10 Things I Learned While Single, Black and Child-less

Single and Child-less

Chris Rock says, “even roaches have kids,” validating that parenting is one of life’s greatest and popular blessings. Parents rave endlessly about the joys of raising a bambino and D.H. Glazer wrote a touching “Top 10” list of lessons learned as a married father of two. As a single twenty-sexxy Black woman with no children (yet), I decided to list the main reasons why this statistic is not a bleak and dismal  sentence.

1. Selfish Is OKAY- Single & child-less automatically designates you as the priority. There is no one else constantly on the brain unless you choose to fill that space (with a loved one, significant other, etc.). Choosing to leave work for example,  jet to a happy hour event that somehow turns into 3am shenanigans, is quite alright. Exercising prerogative when you want is a freeing feeling exclusive to the single and child-less.

2. The Exception Not The Norm– According to a study released by the US Census Bureau in 2009, approx. 13.7 million single parents are amongst the dating majority.When meeting other singles or on the dating scene, the response, “single, no kids,” turns many heads! What?? You made it this far without a child?? Many are intrigued and become instantly appreciative of the “single and child-less” status (see #1).

3. Finances Factor– Navigating the basics of life inclusive of bills, work, bills and more work is tough and expensive!

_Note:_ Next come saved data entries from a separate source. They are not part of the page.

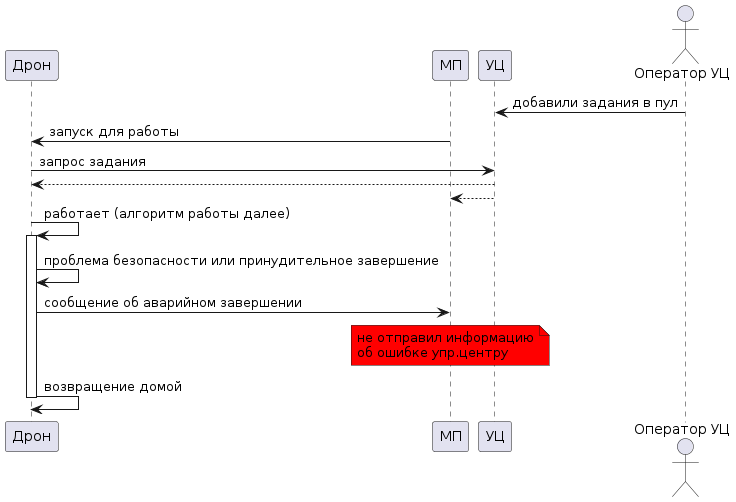

The diagram above was rendered by PlantUML. Its source (embedded in the PNG):
@startuml

participant Drone as "Дрон"
participant Mobile as "МП"

participant CC as "УЦ"
actor "Оператор УЦ" as u_cc

u_cc -> CC: добавили задания в пул
Mobile -> Drone: запуск для работы
Drone -> CC: запрос задания
CC --> Drone
CC--> Mobile

Drone -> Drone++: работает (алгоритм работы далее)
Drone -> Drone: проблема безопасности или принудительное завершение
Drone -> Mobile: сообщение об аварийном завершении
note over Mobile #red
не отправил информацию
об ошибке упр.центру
end note
Drone -> Drone--: возвращение домой


@enduml
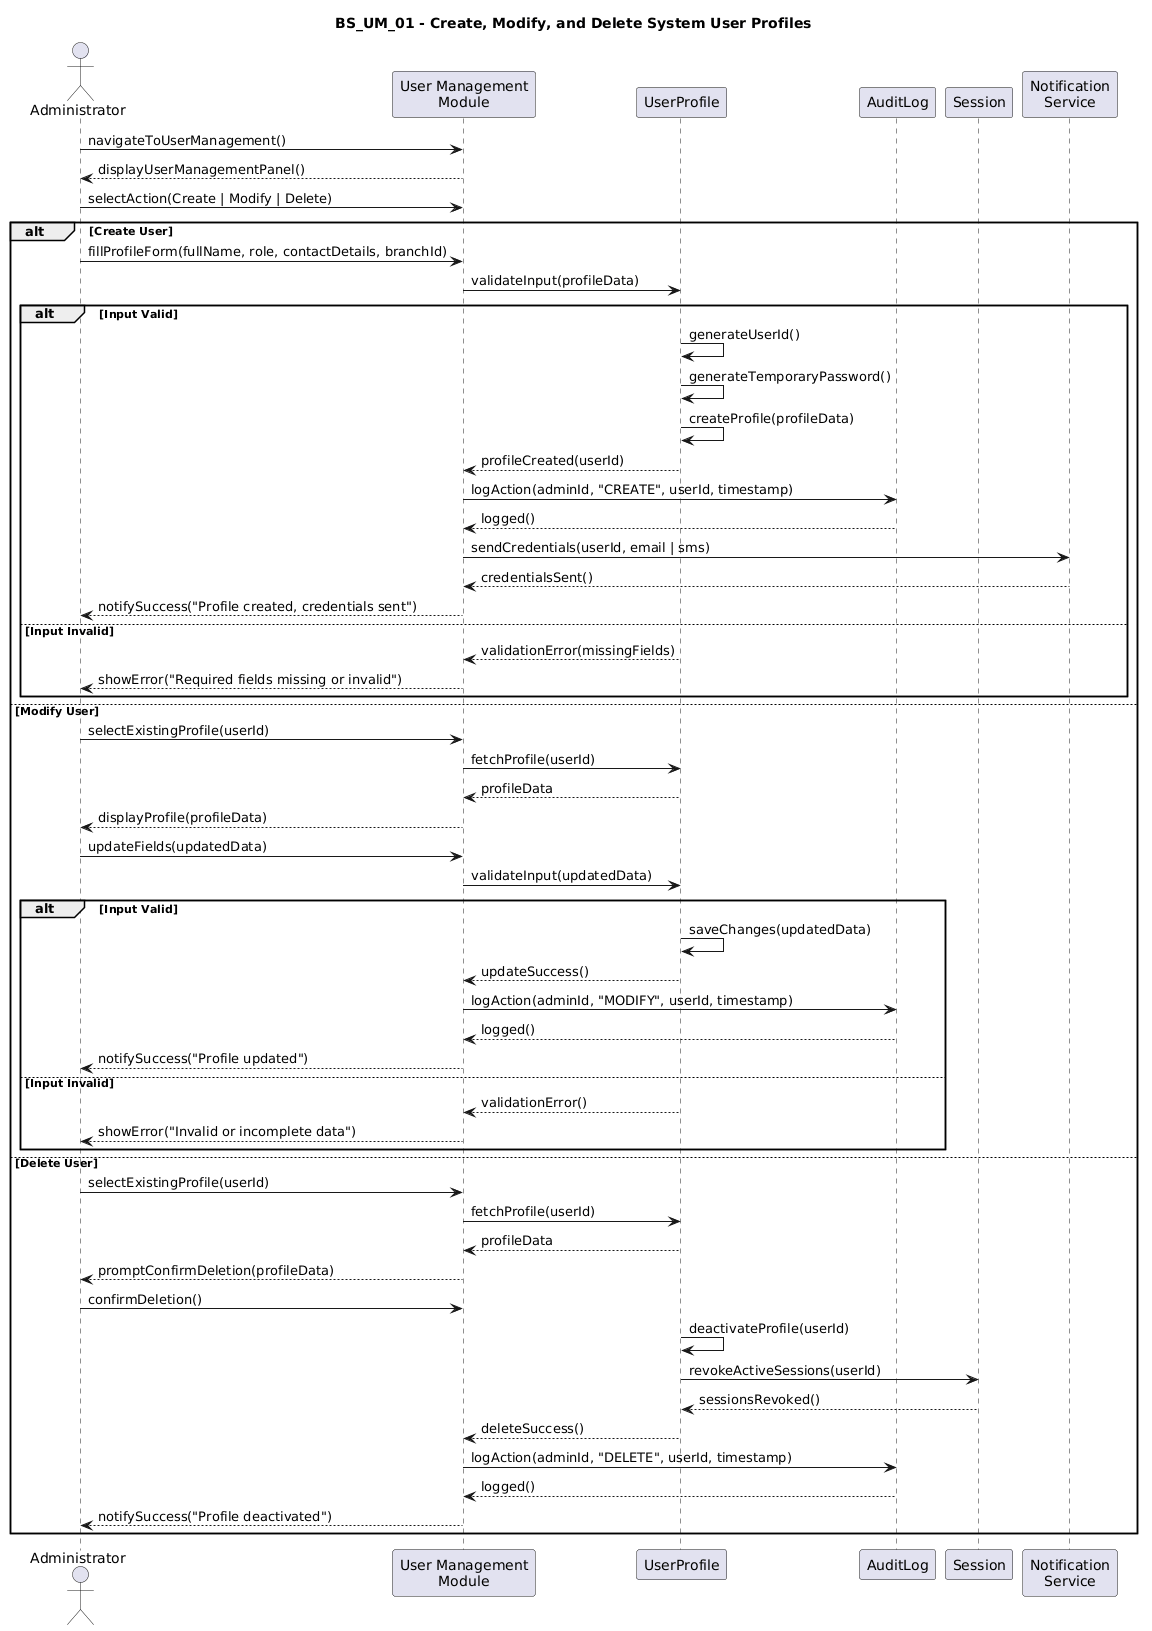

The diagram above was rendered by PlantUML. Its source (embedded in the PNG):
@startuml
title BS_UM_01 - Create, Modify, and Delete System User Profiles

actor Administrator
participant "User Management\nModule" as UM
participant "UserProfile" as UP
participant "AuditLog" as AL
participant "Session" as S
participant "Notification\nService" as NS

Administrator -> UM : navigateToUserManagement()
UM --> Administrator : displayUserManagementPanel()

Administrator -> UM : selectAction(Create | Modify | Delete)

alt Create User
    Administrator -> UM : fillProfileForm(fullName, role, contactDetails, branchId)
    UM -> UP : validateInput(profileData)
    alt Input Valid
        UP -> UP : generateUserId()
        UP -> UP : generateTemporaryPassword()
        UP -> UP : createProfile(profileData)
        UP --> UM : profileCreated(userId)
        UM -> AL : logAction(adminId, "CREATE", userId, timestamp)
        AL --> UM : logged()
        UM -> NS : sendCredentials(userId, email | sms)
        NS --> UM : credentialsSent()
        UM --> Administrator : notifySuccess("Profile created, credentials sent")
    else Input Invalid
        UP --> UM : validationError(missingFields)
        UM --> Administrator : showError("Required fields missing or invalid")
    end

else Modify User
    Administrator -> UM : selectExistingProfile(userId)
    UM -> UP : fetchProfile(userId)
    UP --> UM : profileData
    UM --> Administrator : displayProfile(profileData)
    Administrator -> UM : updateFields(updatedData)
    UM -> UP : validateInput(updatedData)
    alt Input Valid
        UP -> UP : saveChanges(updatedData)
        UP --> UM : updateSuccess()
        UM -> AL : logAction(adminId, "MODIFY", userId, timestamp)
        AL --> UM : logged()
        UM --> Administrator : notifySuccess("Profile updated")
    else Input Invalid
        UP --> UM : validationError()
        UM --> Administrator : showError("Invalid or incomplete data")
    end

else Delete User
    Administrator -> UM : selectExistingProfile(userId)
    UM -> UP : fetchProfile(userId)
    UP --> UM : profileData
    UM --> Administrator : promptConfirmDeletion(profileData)
    Administrator -> UM : confirmDeletion()
    UP -> UP : deactivateProfile(userId)
    UP -> S : revokeActiveSessions(userId)
    S --> UP : sessionsRevoked()
    UP --> UM : deleteSuccess()
    UM -> AL : logAction(adminId, "DELETE", userId, timestamp)
    AL --> UM : logged()
    UM --> Administrator : notifySuccess("Profile deactivated")
end
@enduml

For some, (okay mainly me) finding financial balance is often a struggle. Consider the effort made in budgeting to shop, socialize, and remain a taxpaying citizen in the U.S. Now factor in a child, with rising costs in daycare and education, as well as clothing, food, and life experiences for the impressionable adult. Having a child can upgrade finance issues from small to overwhelming. Consider that when whining about wanting a baby. Can you afford one? Can you even afford yourself?

4. “Role Model” Is A Choice Parenting is defined as the process of promoting and supporting the physical, emotional, social, and intellectual development of a child from infancy  to adulthood. Clearly this involves influencing and leading by example so the child has a basis for morality and daily interaction. Special attention should be given to the impact of media and pop culture often presented by the parent. For example, certain songs, movies and even groups of “friends” become filtered as not to negatively influence the child. “Single and child-less” gives license to listen to unedited versions of “Hard In Da Paint” or “Becky” (Jesus be an ipod)  full blast in the ride for it is a reflection of you. Not the ratchet parent-version of you. So turn that filthy commercial radio music up a lil’ higher!

5. Limitless Location Options– The 20’s and early 30’s are often the time for major strides in work or dream realizations. Companies and bosses can change as well as the career path. Consider the added stress presented when contemplating a major move and factoring in the rearing of a child. Concerns about education systems, youth activity and even crime rate greatly affect the decision. “Single and child-less” can pack up and move without the extensive planning that would involve transitioning with-child.

6.  Dating Is Less Challenging & More Fun!– Only single parents can relate to the perils of dating; a tumultuous and rarely rewarding process necessary to find the one best suited for you. “Single and child-less” can sift through the crazies (they outnumber the sane) without fear of damaging an impressionable youth. Getting to know the individual without pretense or pressure of how well their step-parenting skills are makes for organic relationships with endless possibilities.

7. The Body Is A Temple – “Single and child-less” women(pre-child) have a familiarity with their young bodies. We’re a bit partial to our perky breasts, smaller waists and existing stretch marks. All the landscape shifts once pregnancy and child birth hits. The female body goes through changes that may alter it for life. While nature’s effects can not be avoided, postponing until completely ready is not so bad-especially during swimsuit season. Justsaying.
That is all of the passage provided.